▶ [About this exercise] Within the records below, repeat each line exactly but keep every picture out of the copy.

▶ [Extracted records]

====================

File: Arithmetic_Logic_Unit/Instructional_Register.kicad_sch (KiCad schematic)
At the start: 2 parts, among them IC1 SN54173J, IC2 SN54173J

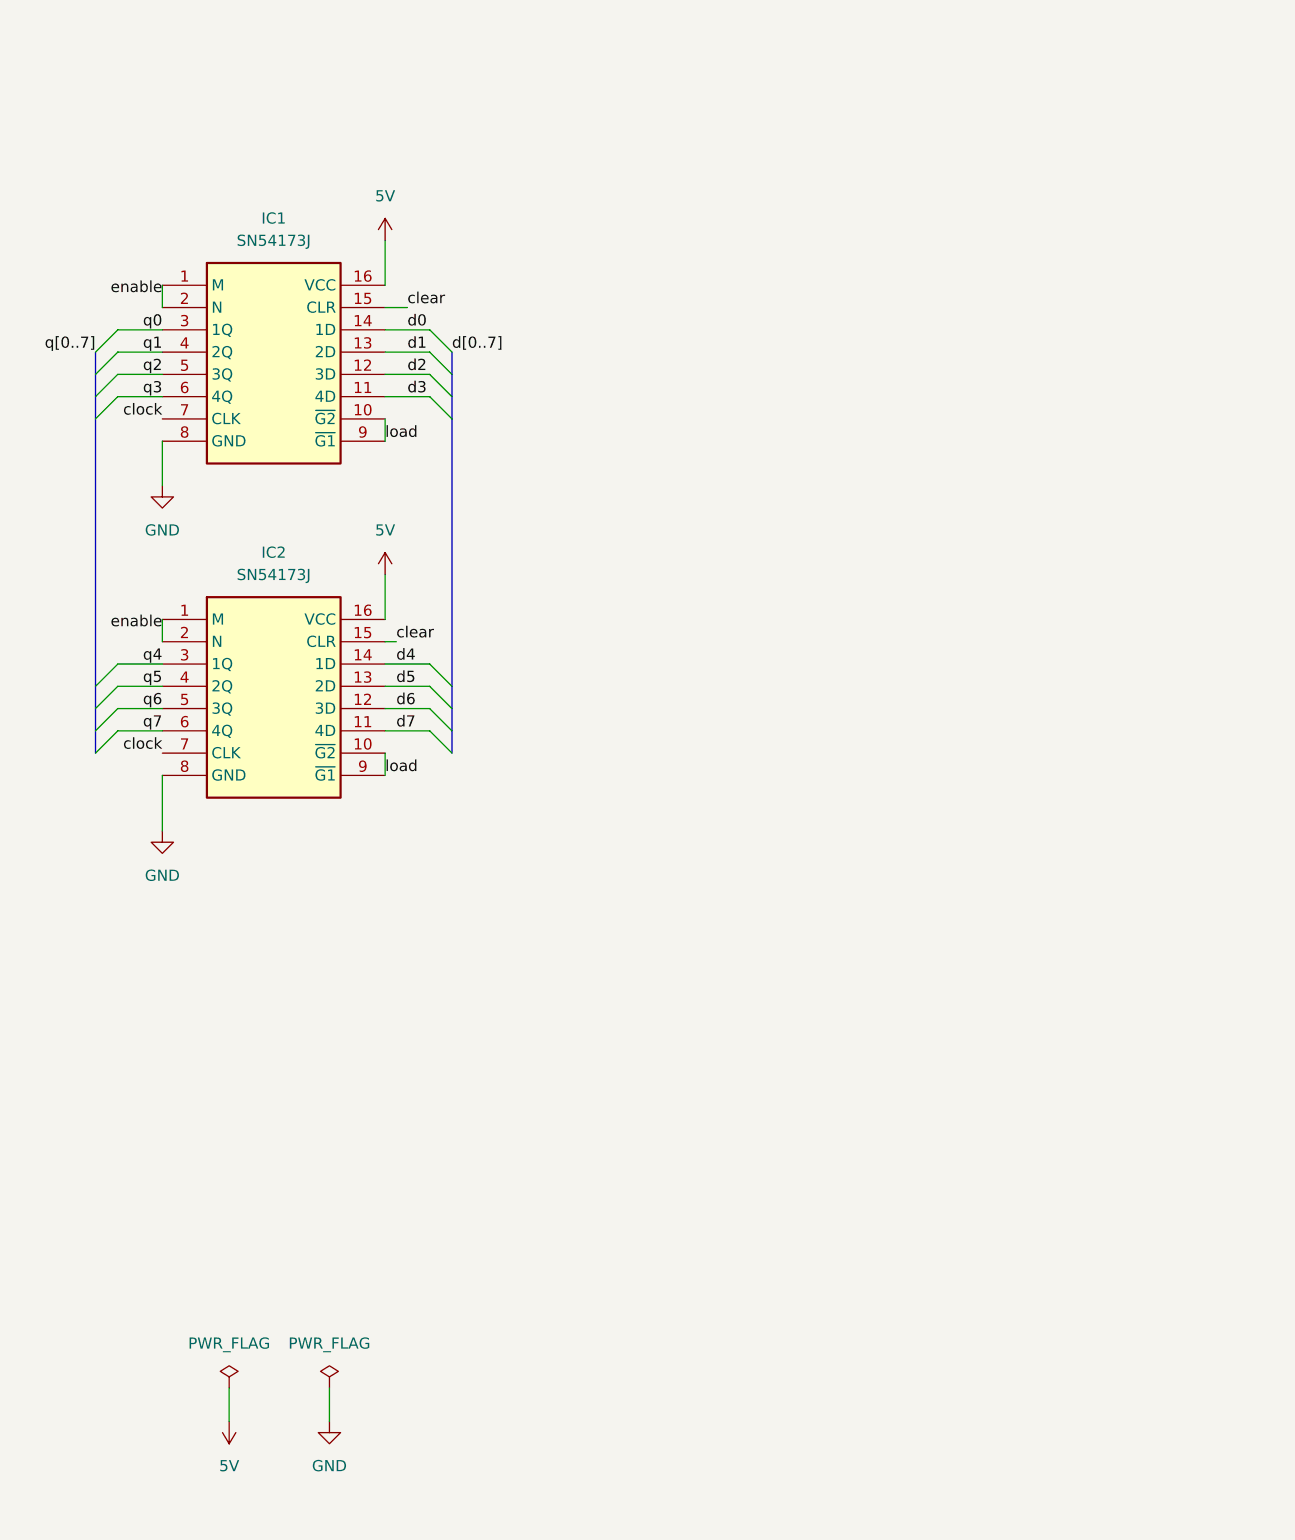
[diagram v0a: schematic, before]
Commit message: added A, B, and Instructional Regsiters
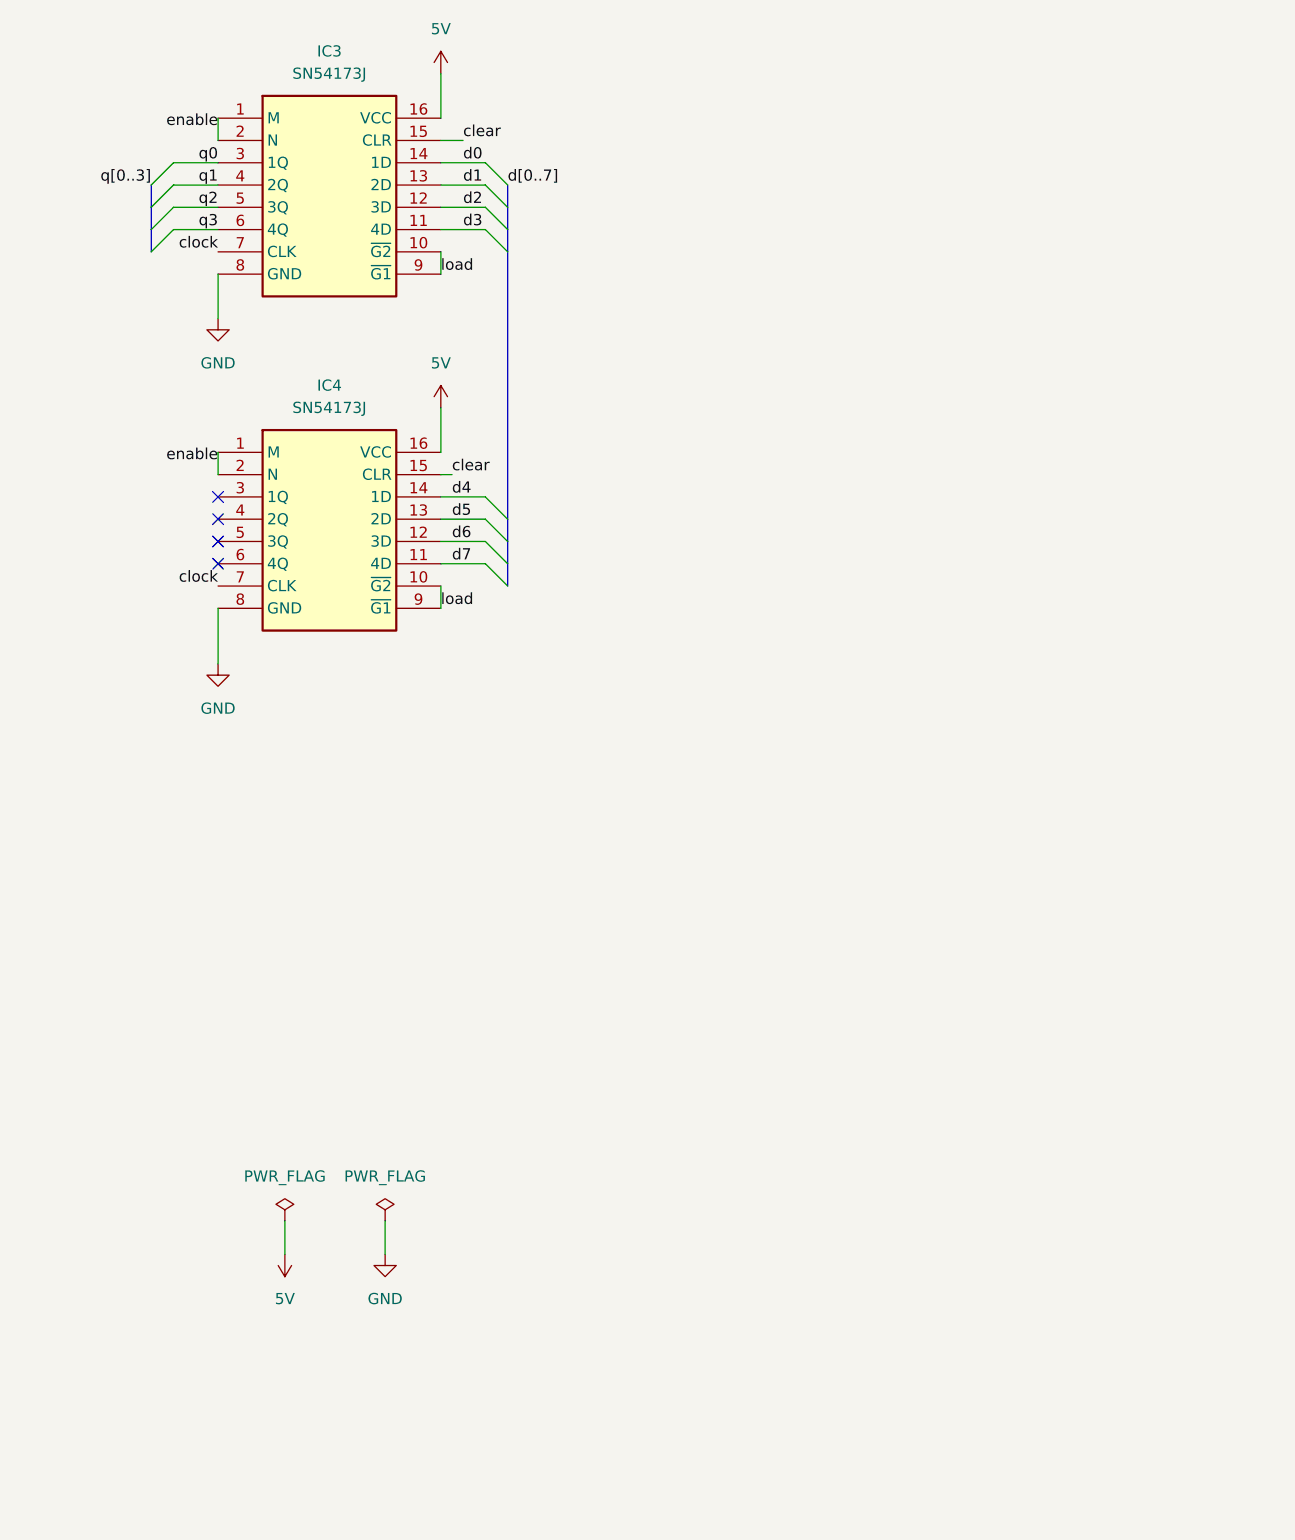
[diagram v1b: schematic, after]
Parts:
- removed IC1, IC2: SN54173J, CDIP762W66P254L2134H508Q16, symbol SN54173J:SN54173J
- added IC3, IC4: SN54173J, CDIP762W66P254L2134H508Q16, symbol SN54173J:SN54173J
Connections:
- net 5V: now also IC3.16 (VCC), IC4.16 (VCC)
- net GND: now also IC3.8 (GND), IC4.8 (GND)
- net clear: now also IC3.15 (CLR), IC4.15 (CLR)
- net clock: now also IC3.7 (CLK), IC4.7 (CLK)
- net d0: now also IC3.14 (1D)
- net d1: now also IC3.13 (2D)
- net d2: now also IC3.12 (3D)
- net d3: now also IC3.11 (4D)
- net d4: now also IC4.14 (1D)
- net d5: now also IC4.13 (2D)
- net d6: now also IC4.12 (3D)
- net d7: now also IC4.11 (4D)
- net enable: now also IC3.1 (M), IC3.2 (N), IC4.1 (M), IC4.2 (N)
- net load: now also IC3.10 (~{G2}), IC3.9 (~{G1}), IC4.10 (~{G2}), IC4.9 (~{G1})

====================

▶ [Result for this task]
File: Arithmetic_Logic_Unit/Instructional_Register.kicad_sch (KiCad schematic)
At the start: 2 parts, among them IC1 SN54173J, IC2 SN54173J

[diagram v0a: schematic, before]
Commit message: added A, B, and Instructional Regsiters
[diagram v1b: schematic, after]
Parts:
- removed IC1, IC2: SN54173J, CDIP762W66P254L2134H508Q16, symbol SN54173J:SN54173J
- added IC3, IC4: SN54173J, CDIP762W66P254L2134H508Q16, symbol SN54173J:SN54173J
Connections:
- net 5V: now also IC3.16 (VCC), IC4.16 (VCC)
- net GND: now also IC3.8 (GND), IC4.8 (GND)
- net clear: now also IC3.15 (CLR), IC4.15 (CLR)
- net clock: now also IC3.7 (CLK), IC4.7 (CLK)
- net d0: now also IC3.14 (1D)
- net d1: now also IC3.13 (2D)
- net d2: now also IC3.12 (3D)
- net d3: now also IC3.11 (4D)
- net d4: now also IC4.14 (1D)
- net d5: now also IC4.13 (2D)
- net d6: now also IC4.12 (3D)
- net d7: now also IC4.11 (4D)
- net enable: now also IC3.1 (M), IC3.2 (N), IC4.1 (M), IC4.2 (N)
- net load: now also IC3.10 (~{G2}), IC3.9 (~{G1}), IC4.10 (~{G2}), IC4.9 (~{G1})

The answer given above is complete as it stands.